I expect misalignment rates to be locally linear in intelligence [1]
I disagree! I think treacherous turn things will generally mean it’s very hard to measure misalignment rates before capabilities exceed pivotal thresholds. I honestly have no idea how I would measure misalignment in current models at all (and think current “misalignment” measures tend to be if anything anticorrelated with attributes I care about). I do think this will get a bit easier around critical thresholds, but there is definitely a decent chance we will cross a critical threshold in a single model release.
That said, in many worlds it is still local, and it’s better than nothing to check for local stuff. I just don’t think it’s a good thing to put tons of weight on.
I disagree!
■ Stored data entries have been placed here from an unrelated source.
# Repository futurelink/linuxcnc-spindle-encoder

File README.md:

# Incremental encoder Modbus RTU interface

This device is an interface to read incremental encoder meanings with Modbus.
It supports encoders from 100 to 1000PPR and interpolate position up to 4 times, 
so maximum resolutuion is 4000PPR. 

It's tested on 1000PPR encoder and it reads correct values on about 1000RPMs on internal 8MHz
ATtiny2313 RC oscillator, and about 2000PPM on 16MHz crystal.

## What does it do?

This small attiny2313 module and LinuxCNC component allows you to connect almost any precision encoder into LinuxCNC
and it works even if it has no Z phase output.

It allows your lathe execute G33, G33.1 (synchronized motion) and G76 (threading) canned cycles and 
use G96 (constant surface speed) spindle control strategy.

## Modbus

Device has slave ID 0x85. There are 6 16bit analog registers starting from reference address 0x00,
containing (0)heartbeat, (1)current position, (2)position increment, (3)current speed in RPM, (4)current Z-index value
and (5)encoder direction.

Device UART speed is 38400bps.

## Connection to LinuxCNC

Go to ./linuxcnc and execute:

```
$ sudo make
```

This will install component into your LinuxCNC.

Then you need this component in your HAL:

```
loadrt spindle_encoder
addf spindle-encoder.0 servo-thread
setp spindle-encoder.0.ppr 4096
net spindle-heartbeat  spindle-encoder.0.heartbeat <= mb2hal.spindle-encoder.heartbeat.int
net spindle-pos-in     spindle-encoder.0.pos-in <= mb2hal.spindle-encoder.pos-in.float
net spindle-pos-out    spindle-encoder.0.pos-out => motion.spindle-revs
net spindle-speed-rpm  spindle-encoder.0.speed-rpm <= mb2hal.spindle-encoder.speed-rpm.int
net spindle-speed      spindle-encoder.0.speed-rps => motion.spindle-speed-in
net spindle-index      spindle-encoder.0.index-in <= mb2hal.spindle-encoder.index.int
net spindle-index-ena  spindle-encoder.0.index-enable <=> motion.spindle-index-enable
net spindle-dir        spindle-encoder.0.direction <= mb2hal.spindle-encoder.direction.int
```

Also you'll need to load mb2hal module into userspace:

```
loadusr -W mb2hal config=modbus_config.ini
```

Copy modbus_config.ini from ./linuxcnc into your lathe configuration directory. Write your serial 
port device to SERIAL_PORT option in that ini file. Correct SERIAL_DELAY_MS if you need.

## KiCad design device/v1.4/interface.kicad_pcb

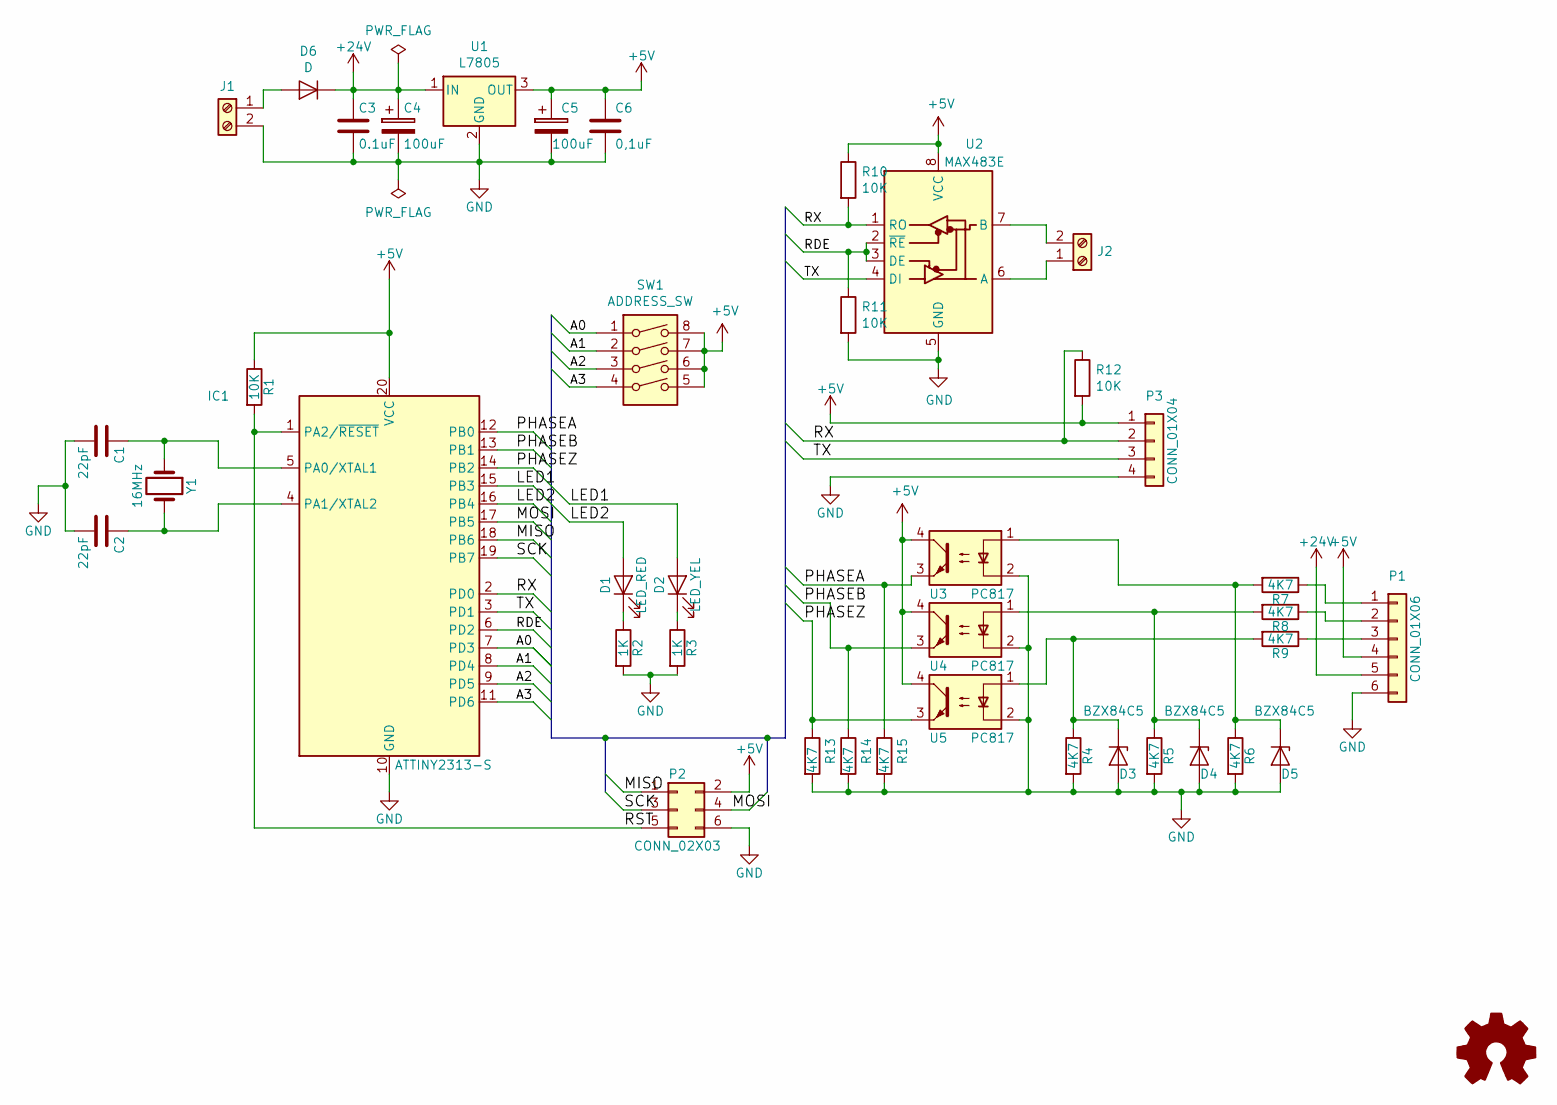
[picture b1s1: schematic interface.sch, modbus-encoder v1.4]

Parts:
C1, C2: 22pF; C_0805_2012Metric
C3: 0.1uF; C_0805_2012Metric
C4: 100uF; CP_Elec_8x10.5
C5: 100uF; CP_Elec_6.3x5.3
C6: 0,1uF; C_0805_2012Metric
D1: LED_RED; LED_1206_3216Metric
D2: LED_YEL; LED_1206_3216Metric
D3, D4, D5: BZX84C5; D_SOT-23_ANK
D6: D; D_1206_3216Metric
IC1: ATTINY2313-S; SOIC-20W_7.5x12.8mm_P1.27mm
J1: Screw_Terminal_1x02; TerminalBlock_bornier-2_P5.08mm
J2: Screw_Terminal_01x02; TerminalBlock_bornier-2_P5.08mm
P1: CONN_01X06; JST_XH_S6B-XH-A_1x06_P2.50mm_Horizontal
P2: CONN_02X03; PinHeader_2x03_P2.54mm_Vertical
P3: CONN_01X04; JST_XH_S4B-XH-A_1x04_P2.50mm_Horizontal
R1, R10, R11, R12: 10K; R_0805_2012Metric
R2, R3: 1K; R_0805_2012Metric
R4, R5, R6, R7, R8, R9, R13, R14, R15: 4K7; R_0805_2012Metric
SW1: ADDRESS_SW; SW_DIP_SPSTx04_Slide_9.78x12.34mm_W7.62mm_P2.54mm
U1: L7805; TO-252-2
U2: MAX483E; SOIC-8_3.9x4.9mm_P1.27mm
U3, U4, U5: PC817; DIP-4_W7.62mm_SMDSocket_SmallPads
Y1: 16MHz; Crystal_SMD_5032-2Pin_5.0x3.2mm

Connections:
+5V: C5.1, C6.1, IC1.20 (VCC), P1.4, P2.2, P3.1, R1.1, R10.1, R12.2, SW1.5, SW1.6, SW1.7, SW1.8, U1.3 (OUT), U2.8 (VCC), U3.4, U4.4, U5.4
+24V: C3.1, C4.1, D6.1 (K), P1.5, U1.1 (IN)
/A0: IC1.7 (PD3), SW1.1
/A1: IC1.8 (PD4), SW1.2
/A2: IC1.9 (PD5), SW1.3
/A3: IC1.11 (PD6), SW1.4
/LED1: D2.2 (A), IC1.15 (PB3)
/LED2: D1.2 (A), IC1.16 (PB4)
/MISO: IC1.18 (PB6), P2.1
/MOSI: IC1.17 (PB5), P2.4
/PHASEA: IC1.12 (PB0), R15.1, U3.3
/PHASEB: IC1.13 (PB1), R14.1, U4.3
/PHASEZ: IC1.14 (PB2), R13.1, U5.3
/RDE: IC1.6 (PD2), R11.1, U2.2 (~RE), U2.3 (DE)
/RST: IC1.1 (PA2/~RESET), P2.5, R1.2
/RX: IC1.2 (PD0), P3.2, R10.2, R12.1, U2.1 (RO)
/SCK: IC1.19 (PB7), P2.3
/TX: IC1.3 (PD1), P3.3, U2.4 (DI)
GND: C1.2, C2.2, C3.2, C4.2, C5.2, C6.2, D3.2 (A), D4.2 (A), D5.2 (A), IC1.10 (GND), J1.2, P1.6, P2.6, P3.4, R2.2, R3.2, R4.2, R5.2, R6.2, R11.2, R13.2, R14.2, R15.2, U1.2 (GND), U2.5 (GND), U3.2, U4.2, U5.2
unnamed: C1.1, IC1.5 (PA0/XTAL1), Y1.1
unnamed: C2.1, IC1.4 (PA1/XTAL2), Y1.2
unnamed: D1.1 (K), R2.1
unnamed: D2.1 (K), R3.1
unnamed: D3.1 (K), R4.1, R9.2, U5.1
unnamed: D4.1 (K), R5.1, R8.2, U4.1
unnamed: D5.1 (K), R6.1, R7.2, U3.1
unnamed: D6.2 (A), J1.1
unnamed: J2.1, U2.6 (A)
unnamed: J2.2, U2.7 (B)
unnamed: P1.1, R7.1
unnamed: P1.2, R8.1
unnamed: P1.3, R9.1

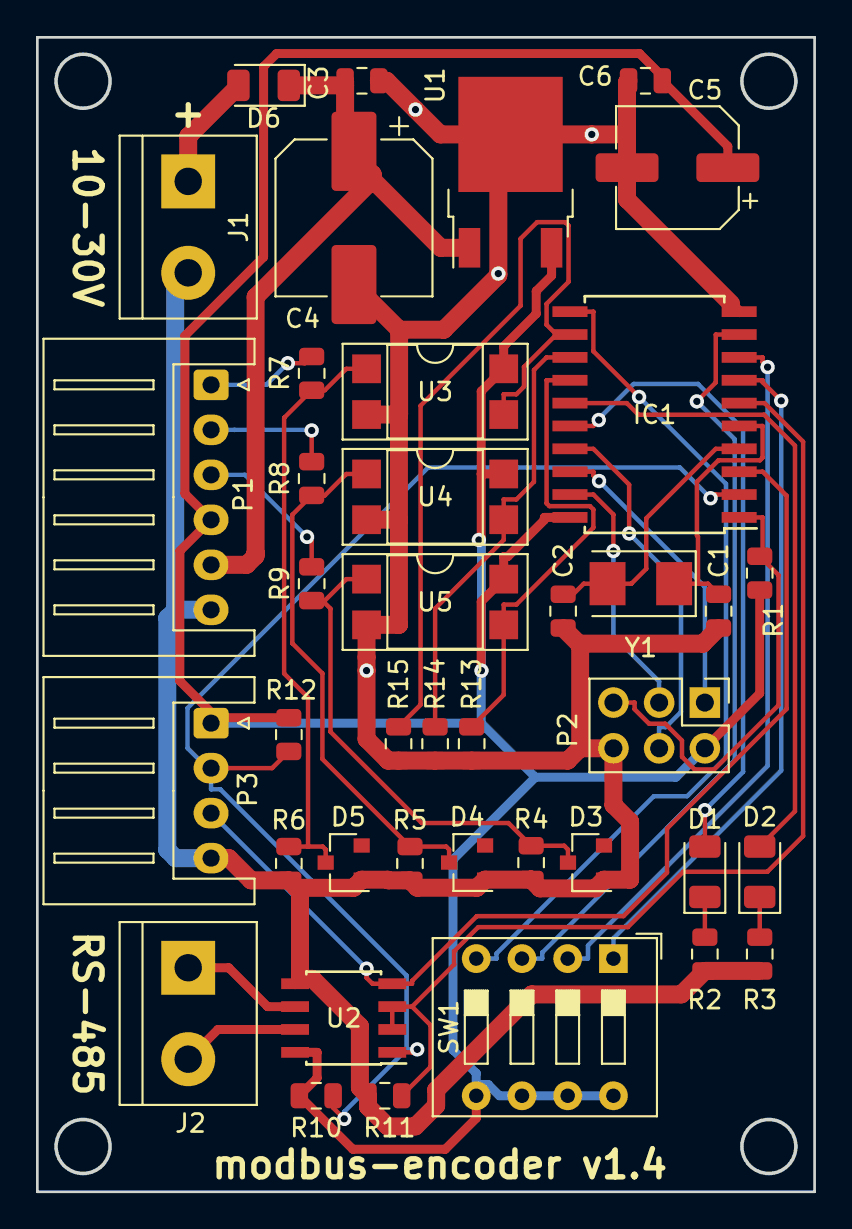
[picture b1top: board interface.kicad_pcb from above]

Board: 2 copper layers, 43.1 x 64.1 mm, 40 parts (0 on the bottom side), 32 nets.

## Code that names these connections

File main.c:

/*

Copyright 2019 Pavlov Denis <futurelink.vl@gmail.com>

This is free software: you can redistribute it and/or modify
it under the terms of the GNU General Public License as published by
the Free Software Foundation, either version 3 of the License, or
(at your option) any later version.

It is distributed in the hope that it will be useful,
but WITHOUT ANY WARRANTY; without even the implied warranty of
MERCHANTABILITY or FITNESS FOR A PARTICULAR PURPOSE.  See the
GNU General Public License for more details.

You should have received a copy of the GNU General Public License
along with this project.  If not, see <http://www.gnu.org/licenses/>.

*/

#include <avr/wdt.h>
#include <avr/io.h>
#include <avr/interrupt.h>

#include "config.h"

#define PARITY_NONE	0
#define PARITY_ODD	1
#define PARITY_EVEN	2

static void initPorts(void);
static void initUSART(uint8_t parity);
static void initTimer1(uint8_t timeout50usTicks);
static void initTimer0(void);

extern uint8_t slaveAddr;
extern volatile uint8_t sentLength;
extern volatile uint8_t sendLength;
extern uint8_t sendBuffer[];

int main(void) {
    asm("WDR");
    MCUSR &= ~(1 << WDRF);
    WDTCSR |= (1 << WDCE) | (1 << WDE);
    WDTCSR = (1 << WDE) | (1 << WDP2) | (1 << WDP1); // Вотчдог через 1 сек

    initUSART(PARITY_NONE);
    initTimer1(35);
    initTimer0();
    initPorts();

    sei();

    PORTB |= (1 << RED_LED); // Индикатор включения
    while (1) asm volatile("nop" ::);

    return 0;
}

void initPorts() {
    GIMSK |= (1 << PCIE);					// Разрешаем прерывания PCINT
    PCMSK |= (1 << PCINT2) | (1 << PCINT1) | (1 << PCINT0);	// Срабатывает на PCINT0, PCINT1 и PCINT2
    DDRB = (1 << RED_LED) | (1 << YELLOW_LED);			// Выходы на индикацию
    DDRD |= (1 << PD2);		// MAX483 чтение-запись
    PORTD &= ~(1 << PD2);	// MAX483 на чтение
    PORTD |= (1 << PD6) | (1 << PD5) | (1 << PD4) | (1 << PD3);

    // Считаем смещение адреса слейва
    slaveAddr = SLAVE_ID + ((PIND & (1 << PD6) & (1 << PD5) & (1 << PD4) & (1 << PD3)) >> PD3);
}

void initUSART(uint8_t parity) {
    UBRRH = UBRRH_VALUE;
    UBRRL = UBRRL_VALUE;
    UCSRB |= ((1 << TXEN) | (1 << RXEN) | (1 << RXCIE));	// Включаем прием, передачу и прерывание по приему
    UCSRC |= ((1 << UCSZ0) | (1 << UCSZ1));			// 8 бит данных (может будет убрать, т.к. по-умолчанию)

    // Настройка четности
    switch (parity) {
        case PARITY_EVEN: UCSRC |= (1 << UPM1); break;
        case PARITY_ODD: UCSRC |= (1 << UPM1) | (1 << UPM0); break;
        case PARITY_NONE: break;
    }
}

// Инициализация таймера тишины, таймер должен срабатывать после определенного
// интервала, но после приема каждого байта зануляться. По нему определяется
// конец посылки от мастера. Сразу не запускаем, он запускается по приему байта.
// -----------------------------------------------------------------------------
// Таймаут задается параметром в 50-миллисекундных интервалах.
void initTimer1(uint8_t timeout50usTicks) {
    OCR1A = (TIMER1_FREQ * timeout50usTicks) / (TIMER1_50US_TICKS);
    TCCR1A = 0;
    TCCR1B = (1 << CS12) | (1 << CS10); // Делитель 1024
    TCCR1C = 0;
    TCNT1 = 0;				// Сбрасываем счетчик
    TIMSK |= (1 << OCIE1A);		// Разрешаем прерывание TIMER1_COMPA_vect
}

// Инициализация таймера счета скорости, таймер на 20мс (0.02с). Считает кол-во меток,
// проходящих за период, чтобы определить скорость вращения энкодера.
void initTimer0() {
    // Таймер восьмибитный, поэтому OCR0A не более 255 должен быть
    OCR0A =  (TIMER0_FREQ * TIMER0_PERIOD_MS) / 1000; // При 16мс это работает нормально.
    TCCR0A = 0;
    TCCR0B = (1 << CS02) | (1 << CS00); // Делитель 1024 при 8МГц T = 128мкс, при 16МГц T = 64мкс
    TCNT0 = 0;				// Сбрасываем счетчик
    TIMSK |= (1 << OCIE0A);		// Разрешаем прерывание TIMER1_COMPA_vect
}

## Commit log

2019-09-08 readme
2019-09-08 added schematic pdf
2019-09-09 optimization
2019-09-09 optimized some elements
2019-09-09 improved PCINT_vect
2019-09-09 some improvements
2019-09-09 comments
2019-09-09 pin names in mb2hal
2019-09-12 16mhz crystal upgrade
2019-09-12 improvements
2019-09-13 device schematics and PCB
2019-09-13 remove ignored files
2019-09-13 pcb update
2019-09-13 added address switch
2019-09-13 render
2019-09-14 settings register work
2019-09-14 register reorganization
2019-09-14 some changes
2019-09-14 remove elf
2019-09-14 some optimization
2019-09-17 uart pull uo
2019-09-21 watchdog
2019-09-21 rs-485 support
2019-09-21 rs485 support
2019-09-21 pcb fix
2019-09-21 ignore
2019-10-16 fixed Zener BZX84
2019-10-25 added optocouplers
2019-10-25 gerbers
2019-10-27 fill zone

I think treacherous turn things will generally mean it’s very hard to measure misalignment rates before capabilities exceed pivotal thresholds. I honestly have no idea how I would measure misalignment in current models at all (and think current “misalignment” measures tend to be if anything anticorrelated with attributes I care about). I do think this will get a bit easier around critical thresholds, but there is definitely a decent chance we will cross a critical threshold in a single model release.
That said, in many worlds it is still local, and it’s better than nothing to check for local stuff. I just don’t think it’s a good thing to put tons of weight on.
I’d rather not get into the treacherous turn thing, but I agree there are lots of problems with the current state of alignment evals.